--- Listed records Enclosed Below ---

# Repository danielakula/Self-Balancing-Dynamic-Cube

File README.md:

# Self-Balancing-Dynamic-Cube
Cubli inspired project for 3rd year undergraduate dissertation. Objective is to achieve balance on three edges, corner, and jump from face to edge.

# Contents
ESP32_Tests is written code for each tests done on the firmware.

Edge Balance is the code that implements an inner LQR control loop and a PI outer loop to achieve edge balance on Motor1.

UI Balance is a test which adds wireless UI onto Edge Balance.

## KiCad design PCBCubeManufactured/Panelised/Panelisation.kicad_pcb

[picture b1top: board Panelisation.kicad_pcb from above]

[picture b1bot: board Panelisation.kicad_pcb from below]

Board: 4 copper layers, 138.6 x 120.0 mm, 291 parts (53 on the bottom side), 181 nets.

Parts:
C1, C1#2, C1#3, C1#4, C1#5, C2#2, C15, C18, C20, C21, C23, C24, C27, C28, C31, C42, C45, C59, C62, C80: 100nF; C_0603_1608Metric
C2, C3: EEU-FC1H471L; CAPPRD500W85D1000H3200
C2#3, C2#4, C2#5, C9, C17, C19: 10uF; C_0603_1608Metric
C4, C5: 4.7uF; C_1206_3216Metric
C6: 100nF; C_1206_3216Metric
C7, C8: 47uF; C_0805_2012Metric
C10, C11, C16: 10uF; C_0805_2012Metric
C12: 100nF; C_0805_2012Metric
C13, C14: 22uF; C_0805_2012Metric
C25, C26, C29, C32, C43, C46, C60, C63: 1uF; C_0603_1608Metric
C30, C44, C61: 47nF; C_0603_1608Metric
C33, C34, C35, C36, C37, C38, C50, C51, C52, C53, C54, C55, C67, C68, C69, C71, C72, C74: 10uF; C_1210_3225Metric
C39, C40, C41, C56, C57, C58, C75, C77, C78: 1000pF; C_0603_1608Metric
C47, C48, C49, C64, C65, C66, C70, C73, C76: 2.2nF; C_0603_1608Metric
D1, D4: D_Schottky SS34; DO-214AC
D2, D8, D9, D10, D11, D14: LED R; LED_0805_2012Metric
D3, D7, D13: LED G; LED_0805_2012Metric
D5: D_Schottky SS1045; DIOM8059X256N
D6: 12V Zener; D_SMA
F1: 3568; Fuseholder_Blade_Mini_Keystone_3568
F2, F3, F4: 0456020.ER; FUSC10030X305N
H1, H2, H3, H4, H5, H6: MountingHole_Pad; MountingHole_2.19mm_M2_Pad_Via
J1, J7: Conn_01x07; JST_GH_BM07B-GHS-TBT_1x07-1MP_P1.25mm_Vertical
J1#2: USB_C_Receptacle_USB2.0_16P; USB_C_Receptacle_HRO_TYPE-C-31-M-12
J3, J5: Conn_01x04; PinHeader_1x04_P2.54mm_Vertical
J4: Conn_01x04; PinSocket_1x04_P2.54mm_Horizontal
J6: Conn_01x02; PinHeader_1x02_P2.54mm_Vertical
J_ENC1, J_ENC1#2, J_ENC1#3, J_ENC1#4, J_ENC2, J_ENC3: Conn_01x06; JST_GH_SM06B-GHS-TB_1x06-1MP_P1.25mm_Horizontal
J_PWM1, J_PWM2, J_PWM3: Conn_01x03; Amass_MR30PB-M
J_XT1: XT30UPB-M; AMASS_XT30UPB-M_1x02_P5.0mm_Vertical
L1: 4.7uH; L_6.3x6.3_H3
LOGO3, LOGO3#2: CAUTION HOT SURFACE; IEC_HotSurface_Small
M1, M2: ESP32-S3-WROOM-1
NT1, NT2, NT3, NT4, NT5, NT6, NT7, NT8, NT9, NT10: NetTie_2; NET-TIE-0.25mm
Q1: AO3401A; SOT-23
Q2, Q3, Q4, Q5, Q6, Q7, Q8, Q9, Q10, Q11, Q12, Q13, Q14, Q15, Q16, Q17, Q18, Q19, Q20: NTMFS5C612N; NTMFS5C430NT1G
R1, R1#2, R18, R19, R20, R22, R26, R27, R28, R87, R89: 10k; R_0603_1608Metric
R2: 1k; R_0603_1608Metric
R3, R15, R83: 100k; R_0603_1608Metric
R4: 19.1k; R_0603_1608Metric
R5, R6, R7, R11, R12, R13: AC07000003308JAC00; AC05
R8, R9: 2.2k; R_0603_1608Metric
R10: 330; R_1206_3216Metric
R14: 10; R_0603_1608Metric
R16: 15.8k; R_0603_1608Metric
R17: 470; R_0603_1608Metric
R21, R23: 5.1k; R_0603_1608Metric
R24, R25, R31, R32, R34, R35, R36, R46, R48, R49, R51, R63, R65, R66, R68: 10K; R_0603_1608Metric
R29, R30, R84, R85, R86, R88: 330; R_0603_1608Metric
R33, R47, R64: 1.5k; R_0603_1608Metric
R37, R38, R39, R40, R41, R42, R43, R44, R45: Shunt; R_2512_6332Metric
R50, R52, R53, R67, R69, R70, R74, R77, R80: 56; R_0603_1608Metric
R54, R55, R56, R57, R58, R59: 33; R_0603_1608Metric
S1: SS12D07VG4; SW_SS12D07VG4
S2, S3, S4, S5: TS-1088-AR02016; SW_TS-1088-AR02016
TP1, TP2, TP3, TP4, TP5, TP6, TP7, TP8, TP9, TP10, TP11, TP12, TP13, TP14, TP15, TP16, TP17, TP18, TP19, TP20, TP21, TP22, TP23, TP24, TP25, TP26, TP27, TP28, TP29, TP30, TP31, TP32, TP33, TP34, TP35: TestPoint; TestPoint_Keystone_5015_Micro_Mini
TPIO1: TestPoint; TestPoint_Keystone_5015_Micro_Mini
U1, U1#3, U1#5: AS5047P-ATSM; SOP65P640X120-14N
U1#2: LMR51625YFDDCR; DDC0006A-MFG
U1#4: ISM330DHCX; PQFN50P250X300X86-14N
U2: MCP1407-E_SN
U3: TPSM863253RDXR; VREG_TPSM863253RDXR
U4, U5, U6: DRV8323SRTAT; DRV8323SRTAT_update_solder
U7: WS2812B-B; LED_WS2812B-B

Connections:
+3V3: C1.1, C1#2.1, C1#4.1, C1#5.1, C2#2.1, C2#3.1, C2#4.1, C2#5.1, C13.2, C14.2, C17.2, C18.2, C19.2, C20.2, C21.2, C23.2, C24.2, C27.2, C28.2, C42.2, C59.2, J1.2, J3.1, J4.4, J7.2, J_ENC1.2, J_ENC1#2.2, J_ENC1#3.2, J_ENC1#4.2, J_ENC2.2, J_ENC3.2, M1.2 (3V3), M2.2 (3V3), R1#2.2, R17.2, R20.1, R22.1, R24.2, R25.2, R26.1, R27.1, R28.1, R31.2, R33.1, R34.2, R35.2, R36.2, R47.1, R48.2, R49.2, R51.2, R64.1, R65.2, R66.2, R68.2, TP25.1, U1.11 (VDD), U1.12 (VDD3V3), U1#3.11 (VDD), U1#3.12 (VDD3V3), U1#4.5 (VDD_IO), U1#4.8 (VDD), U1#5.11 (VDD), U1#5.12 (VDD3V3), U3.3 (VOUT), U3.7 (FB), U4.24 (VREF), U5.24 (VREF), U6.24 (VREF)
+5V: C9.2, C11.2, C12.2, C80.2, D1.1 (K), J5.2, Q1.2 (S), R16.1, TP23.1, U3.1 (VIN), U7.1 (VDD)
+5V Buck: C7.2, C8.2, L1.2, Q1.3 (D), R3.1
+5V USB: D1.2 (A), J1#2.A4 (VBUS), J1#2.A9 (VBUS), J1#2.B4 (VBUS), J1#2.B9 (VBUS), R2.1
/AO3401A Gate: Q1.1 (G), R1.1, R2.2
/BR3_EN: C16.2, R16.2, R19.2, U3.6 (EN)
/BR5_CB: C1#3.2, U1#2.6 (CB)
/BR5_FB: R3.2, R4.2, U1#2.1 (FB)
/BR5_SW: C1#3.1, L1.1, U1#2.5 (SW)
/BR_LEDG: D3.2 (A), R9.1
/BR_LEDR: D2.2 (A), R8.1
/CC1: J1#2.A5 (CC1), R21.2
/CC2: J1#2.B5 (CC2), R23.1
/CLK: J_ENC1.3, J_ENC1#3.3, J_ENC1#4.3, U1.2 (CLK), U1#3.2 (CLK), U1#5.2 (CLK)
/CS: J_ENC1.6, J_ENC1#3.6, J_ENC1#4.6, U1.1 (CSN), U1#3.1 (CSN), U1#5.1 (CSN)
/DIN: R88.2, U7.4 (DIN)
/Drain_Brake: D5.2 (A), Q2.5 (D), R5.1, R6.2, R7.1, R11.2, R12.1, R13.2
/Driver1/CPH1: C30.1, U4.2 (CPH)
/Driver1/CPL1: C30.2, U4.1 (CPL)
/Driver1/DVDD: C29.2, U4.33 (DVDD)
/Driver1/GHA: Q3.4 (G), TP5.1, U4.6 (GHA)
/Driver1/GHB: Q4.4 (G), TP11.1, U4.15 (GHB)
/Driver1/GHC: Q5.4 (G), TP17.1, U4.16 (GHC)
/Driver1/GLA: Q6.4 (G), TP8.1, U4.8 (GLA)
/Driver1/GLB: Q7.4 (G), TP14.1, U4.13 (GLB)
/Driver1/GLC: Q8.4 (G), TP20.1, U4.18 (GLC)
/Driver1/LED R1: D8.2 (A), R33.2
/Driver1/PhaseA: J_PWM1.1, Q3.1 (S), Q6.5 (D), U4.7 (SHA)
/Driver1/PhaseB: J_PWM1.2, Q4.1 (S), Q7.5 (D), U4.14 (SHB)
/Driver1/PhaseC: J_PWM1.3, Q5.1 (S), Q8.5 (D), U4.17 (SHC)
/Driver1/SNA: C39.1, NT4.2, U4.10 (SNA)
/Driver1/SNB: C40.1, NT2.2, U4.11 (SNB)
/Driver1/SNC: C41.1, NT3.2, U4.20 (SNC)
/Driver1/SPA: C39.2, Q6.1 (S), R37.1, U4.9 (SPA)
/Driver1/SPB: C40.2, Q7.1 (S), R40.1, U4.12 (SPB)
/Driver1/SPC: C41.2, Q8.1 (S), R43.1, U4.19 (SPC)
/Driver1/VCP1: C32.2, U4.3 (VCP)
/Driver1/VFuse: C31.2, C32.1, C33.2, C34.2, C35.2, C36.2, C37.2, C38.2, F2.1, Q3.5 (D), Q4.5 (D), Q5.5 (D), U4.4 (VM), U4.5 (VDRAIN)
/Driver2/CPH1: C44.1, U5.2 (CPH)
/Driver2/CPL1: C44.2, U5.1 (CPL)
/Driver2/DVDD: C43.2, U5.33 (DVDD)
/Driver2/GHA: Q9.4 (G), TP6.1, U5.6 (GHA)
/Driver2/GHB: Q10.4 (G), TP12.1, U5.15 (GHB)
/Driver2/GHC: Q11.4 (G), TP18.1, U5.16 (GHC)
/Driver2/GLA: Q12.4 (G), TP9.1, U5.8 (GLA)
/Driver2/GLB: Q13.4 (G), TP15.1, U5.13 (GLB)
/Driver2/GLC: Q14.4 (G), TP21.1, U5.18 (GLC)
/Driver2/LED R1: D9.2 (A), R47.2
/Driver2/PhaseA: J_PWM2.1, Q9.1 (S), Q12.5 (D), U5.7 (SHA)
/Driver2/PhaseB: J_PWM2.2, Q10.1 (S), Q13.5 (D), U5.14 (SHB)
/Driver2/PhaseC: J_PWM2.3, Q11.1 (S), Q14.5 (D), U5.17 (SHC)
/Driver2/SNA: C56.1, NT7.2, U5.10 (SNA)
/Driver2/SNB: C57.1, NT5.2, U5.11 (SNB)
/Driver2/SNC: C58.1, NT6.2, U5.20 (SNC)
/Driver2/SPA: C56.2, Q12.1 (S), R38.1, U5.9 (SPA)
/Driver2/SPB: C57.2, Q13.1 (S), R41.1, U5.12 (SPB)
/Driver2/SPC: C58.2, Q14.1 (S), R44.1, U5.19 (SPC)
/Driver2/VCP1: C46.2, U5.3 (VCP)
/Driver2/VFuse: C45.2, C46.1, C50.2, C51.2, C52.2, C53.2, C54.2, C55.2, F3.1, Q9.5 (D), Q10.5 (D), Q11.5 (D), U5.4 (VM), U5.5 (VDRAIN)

--- End of Enclosed Listed records ---

• Aim of the exercise: Which lines of the data include "PhaseC"? Copy each of them.

• Solution below:
/Driver1/PhaseC: J_PWM1.3, Q5.1 (S), Q8.5 (D), U4.17 (SHC)
/Driver2/PhaseC: J_PWM2.3, Q11.1 (S), Q14.5 (D), U5.17 (SHC)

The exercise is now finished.